Свет же помалкивает, переливаясь всевозможными огнями. Временами он и сам очень похож на звезду, правда, совсем крохотную.
– А может, его цель изначально сводилась к тому, чтобы зарождать самое жизнь? – задается новым вопросом Существо. – Только зарождать, при этом никоим образом не способствуя ее развитию или же, напротив, упадку?
– Сущее – мать примитивных чудес, – усмехаюсь, я выпускаю новую струю-комету.
***
– Опять скучаешь? – Кхе-ре выползает из кокона и таращится на меня россыпью черных дыр, в которых бесследно испаряются планеты, целые скопления звезд.
– Отвяжись.
– Чего грубишь-то? – Она ныряет в воронку, к берегам уснувшего Океана, и делает несколько жадных глотков. Ее физиология, как и было задумано, требует того, чтобы Кхе-ре регулярно пропускала сквозь себя частицы материальной вселенной, точно так же, как однажды материальная вселенная без остатка впитает и пропустит сквозь себя Кхе-ре. – Мне сейчас такая красивая пустота снилась, рассказать?
Способность тварей видеть сны – пусть и отличные от тех, что грезятся мне – тоже мой подарок. Так в своих снах они, сами того не осознавая, робко прикасаются ко мне, сталкиваются с изнанкой их реальности; в своих снах они заглядывают по ту сторону и могут полюбоваться на крохотную частицу правды. Большего их разум попросту не выдержит.
– Не-а, не надо. – Я выплевываю сжеванную курительную нить и тянусь за новой. – Твои безпространства слишком примитивны. Мне такое не интересно.

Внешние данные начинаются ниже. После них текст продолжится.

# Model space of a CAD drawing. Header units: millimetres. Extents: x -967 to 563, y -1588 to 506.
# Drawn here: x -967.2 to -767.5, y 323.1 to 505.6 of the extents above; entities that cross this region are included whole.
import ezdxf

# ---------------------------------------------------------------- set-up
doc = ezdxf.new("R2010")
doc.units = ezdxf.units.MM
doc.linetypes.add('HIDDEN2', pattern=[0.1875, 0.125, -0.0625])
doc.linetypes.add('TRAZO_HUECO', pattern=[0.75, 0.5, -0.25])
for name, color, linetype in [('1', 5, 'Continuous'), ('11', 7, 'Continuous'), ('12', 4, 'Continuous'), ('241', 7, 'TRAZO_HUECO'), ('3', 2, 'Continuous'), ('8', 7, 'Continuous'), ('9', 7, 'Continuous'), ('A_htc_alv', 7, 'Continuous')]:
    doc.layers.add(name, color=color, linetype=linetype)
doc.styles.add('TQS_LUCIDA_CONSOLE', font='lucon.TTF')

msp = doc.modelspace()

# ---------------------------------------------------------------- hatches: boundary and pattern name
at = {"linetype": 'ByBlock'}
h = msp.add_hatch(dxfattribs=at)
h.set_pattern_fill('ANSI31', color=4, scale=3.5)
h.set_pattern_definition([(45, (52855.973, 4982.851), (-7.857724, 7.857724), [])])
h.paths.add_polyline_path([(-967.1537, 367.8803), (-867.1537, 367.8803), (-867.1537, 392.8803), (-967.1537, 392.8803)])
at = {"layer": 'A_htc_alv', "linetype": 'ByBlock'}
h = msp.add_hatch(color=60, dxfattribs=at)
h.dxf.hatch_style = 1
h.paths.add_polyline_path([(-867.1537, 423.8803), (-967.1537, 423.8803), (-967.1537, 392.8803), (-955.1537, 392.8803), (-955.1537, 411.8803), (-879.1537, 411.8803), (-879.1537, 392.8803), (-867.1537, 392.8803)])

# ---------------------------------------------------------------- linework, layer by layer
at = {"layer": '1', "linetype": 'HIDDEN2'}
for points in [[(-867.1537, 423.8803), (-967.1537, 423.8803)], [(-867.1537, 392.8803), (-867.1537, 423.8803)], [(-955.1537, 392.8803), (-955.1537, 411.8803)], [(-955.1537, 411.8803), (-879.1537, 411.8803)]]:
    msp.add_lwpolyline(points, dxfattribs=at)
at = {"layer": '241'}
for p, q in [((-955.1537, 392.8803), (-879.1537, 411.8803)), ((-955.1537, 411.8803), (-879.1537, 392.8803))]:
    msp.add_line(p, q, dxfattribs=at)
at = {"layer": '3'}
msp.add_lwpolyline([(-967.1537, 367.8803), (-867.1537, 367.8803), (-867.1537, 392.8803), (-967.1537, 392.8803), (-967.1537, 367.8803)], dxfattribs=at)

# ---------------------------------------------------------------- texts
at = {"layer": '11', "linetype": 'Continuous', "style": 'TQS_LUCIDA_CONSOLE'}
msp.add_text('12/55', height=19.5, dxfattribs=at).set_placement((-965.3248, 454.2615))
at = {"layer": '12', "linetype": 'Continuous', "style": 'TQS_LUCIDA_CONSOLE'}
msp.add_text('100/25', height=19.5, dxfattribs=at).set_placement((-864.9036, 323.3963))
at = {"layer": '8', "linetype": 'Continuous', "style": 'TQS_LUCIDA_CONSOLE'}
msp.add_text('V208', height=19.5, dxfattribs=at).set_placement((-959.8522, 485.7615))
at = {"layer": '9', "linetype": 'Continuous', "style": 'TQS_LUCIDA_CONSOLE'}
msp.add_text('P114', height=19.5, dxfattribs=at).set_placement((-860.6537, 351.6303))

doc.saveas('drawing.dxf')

Кхе-ре обиженно глядит на меня.
– Еще бы! Это ж ты у нас такой абсолютный, даже умеешь сновидения воображать! – Последнее слово она намеренно растягивает, и мне известно, что это не только потому, что она хочет как-то задеть меня, но и потому, что так и не уяснила его истинного значения.
Впрочем, даже захоти она понять, у нее все равно ничего бы не вышло, ведь всякое мое сновидение – это отдельное напластование грез и событий, в которых я прячусь от обыденности, в которых я либо сплю беспробудным сном, либо и вовсе умираю.
Что же касается Кхе-ре, то я видел, вижу и буду видеть ее насквозь: все ее недалекие мыслишки текут передо мной едва заметным потоком ментальных нечистот. Вполне естественно, ведь это я сотворил ее, как и весь ее куцый род. Скажи я ей об этом, и она рассмеется – все рассмеются, настолько они недалеки. И настолько трусливы.
Ведь истина пугает.
– Сожри меня грубо! – велю я.
Ответ мне заранее известен (и разве не я спровоцировал его своим вопросом?): у нас с Кхе-ре давно уже все не так гладко, как хотелось бы. Ей хотелось бы, не мне. Когда-то мне очень даже нравились склоки между разными типами одних и тех же тварей – я регулярно менял свои формы, дабы не упустить ни одного скандала. Но позже и это стало надоедать. В общем, мы с Кхе-ре давно уже не получаем друг от друга эмоций. И сдается мне, это тоже является частью всепожирающей обыденности, ловушкой, в которую я загнал сам себя. Все есть укрепившаяся модель, которую я помимо собственной воли использую в каждом новом творении – осознанном либо спонтанном.